__EXTRACTED MATERIAL__
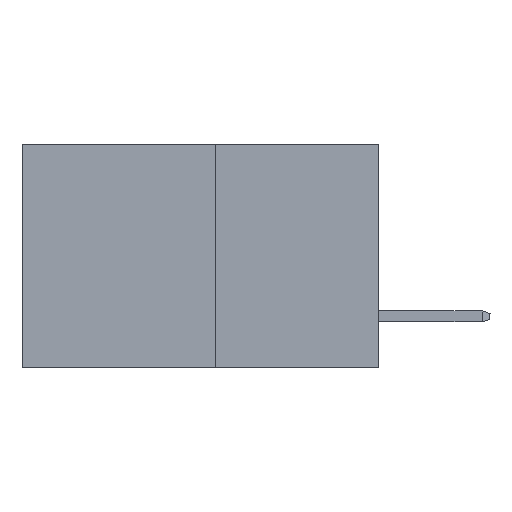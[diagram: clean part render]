
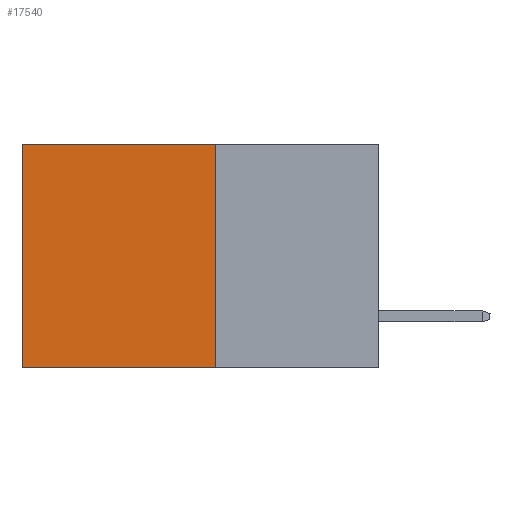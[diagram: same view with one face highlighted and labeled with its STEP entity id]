
A CAD part, left-side view. The second image highlights one B-rep face of the part: STEP entity #17540.
In plain terms, the highlighted planar face has unit normal (-1, 0, 0).
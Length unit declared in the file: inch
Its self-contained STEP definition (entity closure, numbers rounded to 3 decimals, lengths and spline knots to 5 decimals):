
#2881 = VECTOR ( 'NONE', #27803, 39.37008 ) ;
#4345 = DIRECTION ( 'NONE',  ( 1., 0., 0. ) ) ;
#4566 = CARTESIAN_POINT ( 'NONE',  ( 0.277, 0.59, -0.37 ) ) ;
#6069 = CARTESIAN_POINT ( 'NONE',  ( 0.277, 0.27, 0. ) ) ;
#6681 = VECTOR ( 'NONE', #13159, 39.37008 ) ;
#7570 = EDGE_CURVE ( 'NONE', #21164, #14812, #15707, .T. ) ;
#8365 = ORIENTED_EDGE ( 'NONE', *, *, #7570, .F. ) ;
#8970 = AXIS2_PLACEMENT_3D ( 'NONE', #14711, #4345, #22741 ) ;
#8971 = EDGE_CURVE ( 'NONE', #26637, #14812, #10624, .T. ) ;
#10510 = CARTESIAN_POINT ( 'NONE',  ( 0.277, 0.59, -0.37 ) ) ;
#10624 = LINE ( 'NONE', #4566, #23887 ) ;
#13159 = DIRECTION ( 'NONE',  ( 0., 1., 0. ) ) ;
#13648 = FACE_OUTER_BOUND ( 'NONE', #20468, .T. ) ;
#13751 = DIRECTION ( 'NONE',  ( 0., 0., -1. ) ) ;
#14711 = CARTESIAN_POINT ( 'NONE',  ( 0.277, 0.27, -0.37 ) ) ;
#14812 = VERTEX_POINT ( 'NONE', #10510 ) ;
#14839 = ORIENTED_EDGE ( 'NONE', *, *, #19069, .T. ) ;
#15707 = LINE ( 'NONE', #21565, #16556 ) ;
#16424 = CARTESIAN_POINT ( 'NONE',  ( 0.277, 0.59, 0. ) ) ;
#16556 = VECTOR ( 'NONE', #19171, 39.37008 ) ;
#17246 = ORIENTED_EDGE ( 'NONE', *, *, #20655, .F. ) ;
#17540 = ADVANCED_FACE ( 'NONE', ( #13648 ), #25267, .F. ) ;
#19069 = EDGE_CURVE ( 'NONE', #32815, #26637, #33116, .T. ) ;
#19171 = DIRECTION ( 'NONE',  ( 0., 1., 0. ) ) ;
#19356 = CARTESIAN_POINT ( 'NONE',  ( 0.277, 0.27, -0.37 ) ) ;
#20468 = EDGE_LOOP ( 'NONE', ( #31125, #8365, #17246, #14839 ) ) ;
#20655 = EDGE_CURVE ( 'NONE', #32815, #21164, #30912, .T. ) ;
#21164 = VERTEX_POINT ( 'NONE', #19356 ) ;
#21565 = CARTESIAN_POINT ( 'NONE',  ( 0.277, 0.27, -0.37 ) ) ;
#22741 = DIRECTION ( 'NONE',  ( 0., 0., -1. ) ) ;
#23887 = VECTOR ( 'NONE', #13751, 39.37008 ) ;
#25267 = PLANE ( 'NONE',  #8970 ) ;
#26637 = VERTEX_POINT ( 'NONE', #16424 ) ;
#27803 = DIRECTION ( 'NONE',  ( 0., 0., -1. ) ) ;
#29059 = CARTESIAN_POINT ( 'NONE',  ( 0.277, 0.27, 0. ) ) ;
#30377 = CARTESIAN_POINT ( 'NONE',  ( 0.277, 0.27, -0.37 ) ) ;
#30912 = LINE ( 'NONE', #30377, #2881 ) ;
#31125 = ORIENTED_EDGE ( 'NONE', *, *, #8971, .T. ) ;
#32815 = VERTEX_POINT ( 'NONE', #6069 ) ;
#33116 = LINE ( 'NONE', #29059, #6681 ) ;

__TASK PROMPT__
Down to the final line, restate the material above word for word, but omit its pictures.

__SOLUTION TO THIS PROBLEM__
[diagram: clean part render]
[diagram: same view with one face highlighted and labeled with its STEP entity id]
A CAD part, left-side view. The second image highlights one B-rep face of the part: STEP entity #17540.
In plain terms, the highlighted planar face has unit normal (-1, 0, 0).
Length unit declared in the file: inch
Its self-contained STEP definition (entity closure, numbers rounded to 3 decimals, lengths and spline knots to 5 decimals):
#2881 = VECTOR ( 'NONE', #27803, 39.37008 ) ;
#4345 = DIRECTION ( 'NONE',  ( 1., 0., 0. ) ) ;
#4566 = CARTESIAN_POINT ( 'NONE',  ( 0.277, 0.59, -0.37 ) ) ;
#6069 = CARTESIAN_POINT ( 'NONE',  ( 0.277, 0.27, 0. ) ) ;
#6681 = VECTOR ( 'NONE', #13159, 39.37008 ) ;
#7570 = EDGE_CURVE ( 'NONE', #21164, #14812, #15707, .T. ) ;
#8365 = ORIENTED_EDGE ( 'NONE', *, *, #7570, .F. ) ;
#8970 = AXIS2_PLACEMENT_3D ( 'NONE', #14711, #4345, #22741 ) ;
#8971 = EDGE_CURVE ( 'NONE', #26637, #14812, #10624, .T. ) ;
#10510 = CARTESIAN_POINT ( 'NONE',  ( 0.277, 0.59, -0.37 ) ) ;
#10624 = LINE ( 'NONE', #4566, #23887 ) ;
#13159 = DIRECTION ( 'NONE',  ( 0., 1., 0. ) ) ;
#13648 = FACE_OUTER_BOUND ( 'NONE', #20468, .T. ) ;
#13751 = DIRECTION ( 'NONE',  ( 0., 0., -1. ) ) ;
#14711 = CARTESIAN_POINT ( 'NONE',  ( 0.277, 0.27, -0.37 ) ) ;
#14812 = VERTEX_POINT ( 'NONE', #10510 ) ;
#14839 = ORIENTED_EDGE ( 'NONE', *, *, #19069, .T. ) ;
#15707 = LINE ( 'NONE', #21565, #16556 ) ;
#16424 = CARTESIAN_POINT ( 'NONE',  ( 0.277, 0.59, 0. ) ) ;
#16556 = VECTOR ( 'NONE', #19171, 39.37008 ) ;
#17246 = ORIENTED_EDGE ( 'NONE', *, *, #20655, .F. ) ;
#17540 = ADVANCED_FACE ( 'NONE', ( #13648 ), #25267, .F. ) ;
#19069 = EDGE_CURVE ( 'NONE', #32815, #26637, #33116, .T. ) ;
#19171 = DIRECTION ( 'NONE',  ( 0., 1., 0. ) ) ;
#19356 = CARTESIAN_POINT ( 'NONE',  ( 0.277, 0.27, -0.37 ) ) ;
#20468 = EDGE_LOOP ( 'NONE', ( #31125, #8365, #17246, #14839 ) ) ;
#20655 = EDGE_CURVE ( 'NONE', #32815, #21164, #30912, .T. ) ;
#21164 = VERTEX_POINT ( 'NONE', #19356 ) ;
#21565 = CARTESIAN_POINT ( 'NONE',  ( 0.277, 0.27, -0.37 ) ) ;
#22741 = DIRECTION ( 'NONE',  ( 0., 0., -1. ) ) ;
#23887 = VECTOR ( 'NONE', #13751, 39.37008 ) ;
#25267 = PLANE ( 'NONE',  #8970 ) ;
#26637 = VERTEX_POINT ( 'NONE', #16424 ) ;
#27803 = DIRECTION ( 'NONE',  ( 0., 0., -1. ) ) ;
#29059 = CARTESIAN_POINT ( 'NONE',  ( 0.277, 0.27, 0. ) ) ;
#30377 = CARTESIAN_POINT ( 'NONE',  ( 0.277, 0.27, -0.37 ) ) ;
#30912 = LINE ( 'NONE', #30377, #2881 ) ;
#31125 = ORIENTED_EDGE ( 'NONE', *, *, #8971, .T. ) ;
#32815 = VERTEX_POINT ( 'NONE', #6069 ) ;
#33116 = LINE ( 'NONE', #29059, #6681 ) ;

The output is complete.